Voluptuous Panic - Kamikaze Queens
M.A.N.D.Y.: Also, from Berlin, electronic duo, M.A.N.D.Y. caught my ears. On the same Get Physical label as their friends Booka Shade, they produce clean, staccato soundscapes with a cool elegance and have produced tight, minimalistic remixes for the likes of Sugababes, Tiefschwarz, Roxy Music and The Knife and a compilation for Fabric. I hope that they soon release a debut of their own.
I Feel Space - Lindstrom (M.A.N.D.Y. Remix)
Parenthetical Girls: Portland, Oregon's Parenthetical Girls are one of those experimental, but accessible, chamber pop bands that I can't help but fall in love with. Having released their debut record three years ago, they have now released their sophomore effort, Entanglements, and they remind me of artists like Simon Bookish, who employ classical compositional theory to create a quirky, intellectually-satisfying pop music. They describe Entanglements as an "orchestral song cycle of grand sonic ambition [...] an eleven-song, linear narrative of ascendancy, adolescent sexuality, quantum mechanics, consent, and other moral ambiguities - all set to an elaborately orchestrated olio of Modern Classical and timeworn, traditional American pop forms." Any band who can inspire the use of "olio" is the band for me.

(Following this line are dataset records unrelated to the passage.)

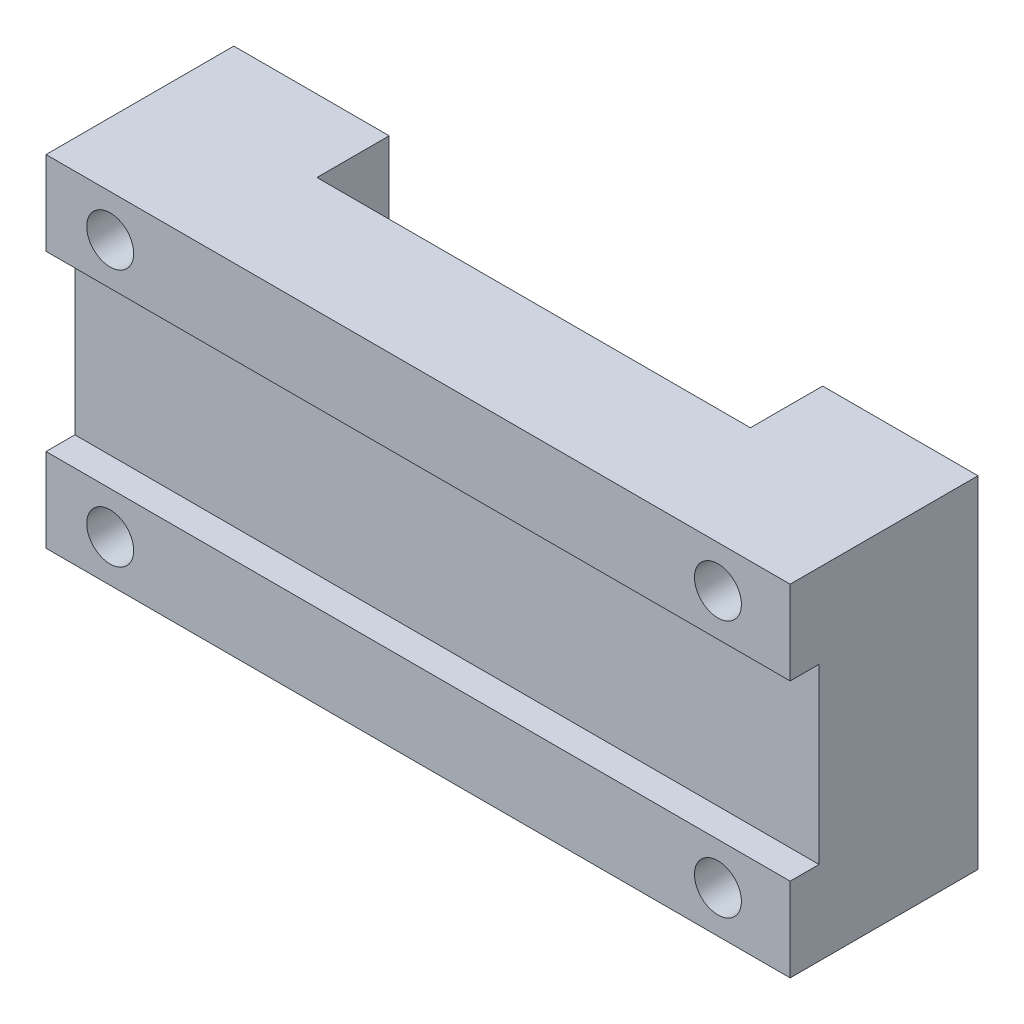
ISO-10303-21;
HEADER;
FILE_DESCRIPTION(('STEP AP214'),'2;1');
FILE_NAME('part.step','',(''),(''),'','','');
FILE_SCHEMA(('AUTOMOTIVE_DESIGN { 1 0 10303 214 1 1 1 1 }'));
ENDSEC;
DATA;
#1=APPLICATION_CONTEXT('core data for automotive mechanical design processes');
#2=APPLICATION_PROTOCOL_DEFINITION('international standard','automotive_design',2000,#1);
#3=PRODUCT_CONTEXT('',#1,'mechanical');
#4=PRODUCT('Part','Part','',(#3));
#5=PRODUCT_RELATED_PRODUCT_CATEGORY('part','',(#4));
#6=PRODUCT_DEFINITION_FORMATION('','',#4);
#7=PRODUCT_DEFINITION_CONTEXT('part definition',#1,'design');
#8=PRODUCT_DEFINITION('design','',#6,#7);
#9=PRODUCT_DEFINITION_SHAPE('','',#8);
#10=(LENGTH_UNIT() NAMED_UNIT(*) SI_UNIT(.MILLI.,.METRE.));
#11=(NAMED_UNIT(*) PLANE_ANGLE_UNIT() SI_UNIT($,.RADIAN.));
#12=(NAMED_UNIT(*) SI_UNIT($,.STERADIAN.) SOLID_ANGLE_UNIT());
#13=UNCERTAINTY_MEASURE_WITH_UNIT(LENGTH_MEASURE(1.E-05),#10,'distance_accuracy_value','');
#14=(GEOMETRIC_REPRESENTATION_CONTEXT(3) GLOBAL_UNCERTAINTY_ASSIGNED_CONTEXT((#13)) GLOBAL_UNIT_ASSIGNED_CONTEXT((#10,
#11,#12)) REPRESENTATION_CONTEXT('',''));
#15=CARTESIAN_POINT('',(0.,0.,0.));
#16=DIRECTION('',(0.,0.,1.));
#17=DIRECTION('',(1.,0.,0.));
#18=AXIS2_PLACEMENT_3D('',#15,#16,#17);
#19=CARTESIAN_POINT('',(0.,0.,0.));
#20=DIRECTION('',(0.,0.,1.));
#21=DIRECTION('',(1.,0.,0.));
#22=AXIS2_PLACEMENT_3D('',#19,#20,#21);
#23=PLANE('',#22);
#24=CARTESIAN_POINT('',(70.5028366048788,11.1000000000041,0.));
#25=DIRECTION('',(0.,0.,1.));
#26=DIRECTION('',(1.,0.,0.));
#27=AXIS2_PLACEMENT_3D('',#24,#25,#26);
#28=CIRCLE('',#27,1.625);
#29=CARTESIAN_POINT('',(72.1278366048788,11.1000000000041,0.));
#30=VERTEX_POINT('',#29);
#31=EDGE_CURVE('E289',#30,#30,#28,.T.);
#32=ORIENTED_EDGE('',*,*,#31,.T.);
#33=EDGE_LOOP('',(#32));
#34=FACE_BOUND('',#33,.T.);
#35=CARTESIAN_POINT('',(70.5028366048788,28.9000000000037,0.));
#36=DIRECTION('',(0.,0.,1.));
#37=DIRECTION('',(1.,0.,0.));
#38=AXIS2_PLACEMENT_3D('',#35,#36,#37);
#39=CIRCLE('',#38,1.62499999999999);
#40=CARTESIAN_POINT('',(72.1278366048788,28.9000000000037,0.));
#41=VERTEX_POINT('',#40);
#42=EDGE_CURVE('E290',#41,#41,#39,.T.);
#43=ORIENTED_EDGE('',*,*,#42,.T.);
#44=EDGE_LOOP('',(#43));
#45=FACE_BOUND('',#44,.T.);
#46=DIRECTION('',(1.,0.,0.));
#47=VECTOR('',#46,1.);
#48=CARTESIAN_POINT('',(24.,8.20000000000413,0.));
#49=LINE('',#48,#47);
#50=CARTESIAN_POINT('',(64.7514183024394,8.20000000000414,0.));
#51=VERTEX_POINT('',#50);
#52=CARTESIAN_POINT('',(75.5028366048789,8.20000000000414,0.));
#53=VERTEX_POINT('',#52);
#54=EDGE_CURVE('E209',#51,#53,#49,.T.);
#55=ORIENTED_EDGE('',*,*,#54,.F.);
#56=DIRECTION('',(0.,-1.,0.));
#57=VECTOR('',#56,1.);
#58=CARTESIAN_POINT('',(64.7514183024394,31.8000000000037,0.));
#59=LINE('',#58,#57);
#60=CARTESIAN_POINT('',(64.7514183024394,31.8000000000037,0.));
#61=VERTEX_POINT('',#60);
#62=EDGE_CURVE('E158',#61,#51,#59,.T.);
#63=ORIENTED_EDGE('',*,*,#62,.F.);
#64=DIRECTION('',(-1.,0.,0.));
#65=VECTOR('',#64,1.);
#66=CARTESIAN_POINT('',(24.,31.8000000000037,0.));
#67=LINE('',#66,#65);
#68=CARTESIAN_POINT('',(75.5028366048789,31.8000000000037,0.));
#69=VERTEX_POINT('',#68);
#70=EDGE_CURVE('E146',#69,#61,#67,.T.);
#71=ORIENTED_EDGE('',*,*,#70,.F.);
#72=DIRECTION('',(0.,1.,0.));
#73=VECTOR('',#72,1.);
#74=CARTESIAN_POINT('',(75.5028366048789,31.8000000000037,0.));
#75=LINE('',#74,#73);
#76=EDGE_CURVE('E213',#53,#69,#75,.T.);
#77=ORIENTED_EDGE('',*,*,#76,.F.);
#78=EDGE_LOOP('',(#55,#63,#71,#77));
#79=FACE_BOUND('',#78,.T.);
#80=ADVANCED_FACE('F33',(#34,#45,#79),#23,.F.);
#81=CARTESIAN_POINT('',(0.,0.,10.9999999999993));
#82=DIRECTION('',(0.,0.,1.));
#83=DIRECTION('',(1.,0.,0.));
#84=AXIS2_PLACEMENT_3D('',#81,#82,#83);
#85=PLANE('',#84);
#86=DIRECTION('',(1.,0.,0.));
#87=VECTOR('',#86,1.);
#88=CARTESIAN_POINT('',(24.,26.0000000000036,10.9999999999993));
#89=LINE('',#88,#87);
#90=CARTESIAN_POINT('',(24.,26.0000000000036,10.9999999999993));
#91=VERTEX_POINT('',#90);
#92=CARTESIAN_POINT('',(75.5028366048789,26.0000000000036,10.9999999999993));
#93=VERTEX_POINT('',#92);
#94=EDGE_CURVE('E56',#91,#93,#89,.T.);
#95=ORIENTED_EDGE('',*,*,#94,.F.);
#96=DIRECTION('',(0.,-1.,0.));
#97=VECTOR('',#96,1.);
#98=CARTESIAN_POINT('',(24.,31.8000000000037,10.9999999999993));
#99=LINE('',#98,#97);
#100=CARTESIAN_POINT('',(24.,14.0000000000043,10.9999999999993));
#101=VERTEX_POINT('',#100);
#102=EDGE_CURVE('E202',#91,#101,#99,.T.);
#103=ORIENTED_EDGE('',*,*,#102,.T.);
#104=DIRECTION('',(1.,0.,0.));
#105=VECTOR('',#104,1.);
#106=CARTESIAN_POINT('',(24.,14.0000000000043,10.9999999999993));
#107=LINE('',#106,#105);
#108=CARTESIAN_POINT('',(75.5028366048789,14.0000000000043,10.9999999999993));
#109=VERTEX_POINT('',#108);
#110=EDGE_CURVE('E189',#101,#109,#107,.T.);
#111=ORIENTED_EDGE('',*,*,#110,.T.);
#112=DIRECTION('',(0.,1.,0.));
#113=VECTOR('',#112,1.);
#114=CARTESIAN_POINT('',(75.5028366048789,31.8000000000037,10.9999999999993));
#115=LINE('',#114,#113);
#116=EDGE_CURVE('E204',#109,#93,#115,.T.);
#117=ORIENTED_EDGE('',*,*,#116,.T.);
#118=EDGE_LOOP('',(#95,#103,#111,#117));
#119=FACE_BOUND('',#118,.T.);
#120=ADVANCED_FACE('F260',(#119),#85,.T.);
#121=CARTESIAN_POINT('',(24.,31.8000000000037,10.9999999999993));
#122=DIRECTION('',(1.,0.,0.));
#123=DIRECTION('',(0.,0.,-1.));
#124=AXIS2_PLACEMENT_3D('',#121,#122,#123);
#125=PLANE('',#124);
#126=DIRECTION('',(0.,-1.,0.));
#127=VECTOR('',#126,1.);
#128=CARTESIAN_POINT('',(24.,31.8000000000037,0.));
#129=LINE('',#128,#127);
#130=CARTESIAN_POINT('',(24.,31.8000000000037,0.));
#131=VERTEX_POINT('',#130);
#132=CARTESIAN_POINT('',(24.,8.20000000000413,0.));
#133=VERTEX_POINT('',#132);
#134=EDGE_CURVE('E197',#131,#133,#129,.T.);
#135=ORIENTED_EDGE('',*,*,#134,.T.);
#136=DIRECTION('',(0.,0.,-1.));
#137=VECTOR('',#136,1.);
#138=CARTESIAN_POINT('',(24.,8.20000000000413,10.9999999999993));
#139=LINE('',#138,#137);
#140=CARTESIAN_POINT('',(24.,8.20000000000414,12.9999999999993));
#141=VERTEX_POINT('',#140);
#142=EDGE_CURVE('E11',#141,#133,#139,.T.);
#143=ORIENTED_EDGE('',*,*,#142,.F.);
#144=DIRECTION('',(0.,-1.,0.));
#145=VECTOR('',#144,1.);
#146=CARTESIAN_POINT('',(24.,8.20000000000414,12.9999999999993));
#147=LINE('',#146,#145);
#148=CARTESIAN_POINT('',(24.,14.0000000000043,12.9999999999993));
#149=VERTEX_POINT('',#148);
#150=EDGE_CURVE('E185',#149,#141,#147,.T.);
#151=ORIENTED_EDGE('',*,*,#150,.F.);
#152=DIRECTION('',(0.,0.,1.));
#153=VECTOR('',#152,1.);
#154=CARTESIAN_POINT('',(24.,14.0000000000043,12.9999999999993));
#155=LINE('',#154,#153);
#156=EDGE_CURVE('E182',#101,#149,#155,.T.);
#157=ORIENTED_EDGE('',*,*,#156,.F.);
#158=ORIENTED_EDGE('',*,*,#102,.F.);
#159=DIRECTION('',(0.,0.,-1.));
#160=VECTOR('',#159,1.);
#161=CARTESIAN_POINT('',(24.,26.0000000000036,12.9999999999993));
#162=LINE('',#161,#160);
#163=CARTESIAN_POINT('',(24.,26.0000000000036,12.9999999999993));
#164=VERTEX_POINT('',#163);
#165=EDGE_CURVE('E164',#164,#91,#162,.T.);
#166=ORIENTED_EDGE('',*,*,#165,.F.);
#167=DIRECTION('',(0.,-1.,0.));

A Song For Ellie Greenwich - Parenthetical Girls
The Week That Was: If you thought that the description from Parenthetical Girls was impressive, take a look at this one from The Week That Was, the musical side project from Peter Brewis, the brother of School of Language's David Brewis: "The songs are the evidence in this particular mystery and the victims, perpetrators and onlookers raise questions with concerns familiar to us all. How do we deal with the fragments of information we receive through the television, radio, the internet? How do we balance the distrust we feel for mass media with our dependence on it? How does this relationship influence our hopes and actions in our real lives? And finally, what would happen if we decided not to deal with it anymore and switched off the information flow by throwing away our TVs, radios and newspapers? The anger, confusion and sorrow details the week of Peter’s own enforced switch off." What's even more brilliant is that the music effectively carries the narrative and lives up to the philisophical musings. All of this just proves that the Brewis brothers are just as powerful on their own as they are together.
Learn to Learn - The Week That Was
Efterklang: This Danish "folktronica" band lives up to their fanciful name, which rings like magic in my ears (it actually means "remembrance" or "reverberation" in Danish); their music, too, lingers long after you've listened to it. There's something Sufjan Stevens-like about their sound, but there's also that ethereal Scandinavian influence blowing like wind chimes through it. Playful, atmospheric, and whimsical, Efterklang can shift from mincing glockenspiel to fuzzy, muted brass and turn their beautiful fantasy world upside down and inside out with infinite permutations. Flying too close to the clouds must sound like Efterklang.
Mirador - Efterklang
School of Seven Bells: Comprised of Benjamin Curtis of Secret Machines and identical twins Alejandra and Claudia Deheza, formerly of On! Air! Library!, School of Seven Bells is a dreamy, pulsing affair. The twins' vocals are mesmerizing and the musical backdrop is built from a skittering, fluid energy that breaks itself apart only to reassemble into self-healed tears of mercury. Drawing influences from various styles, including Eastern and Afrobeat flavours, School of Seven Bells is ranging through a musical palette with a true artist's abandon, producing astounding results.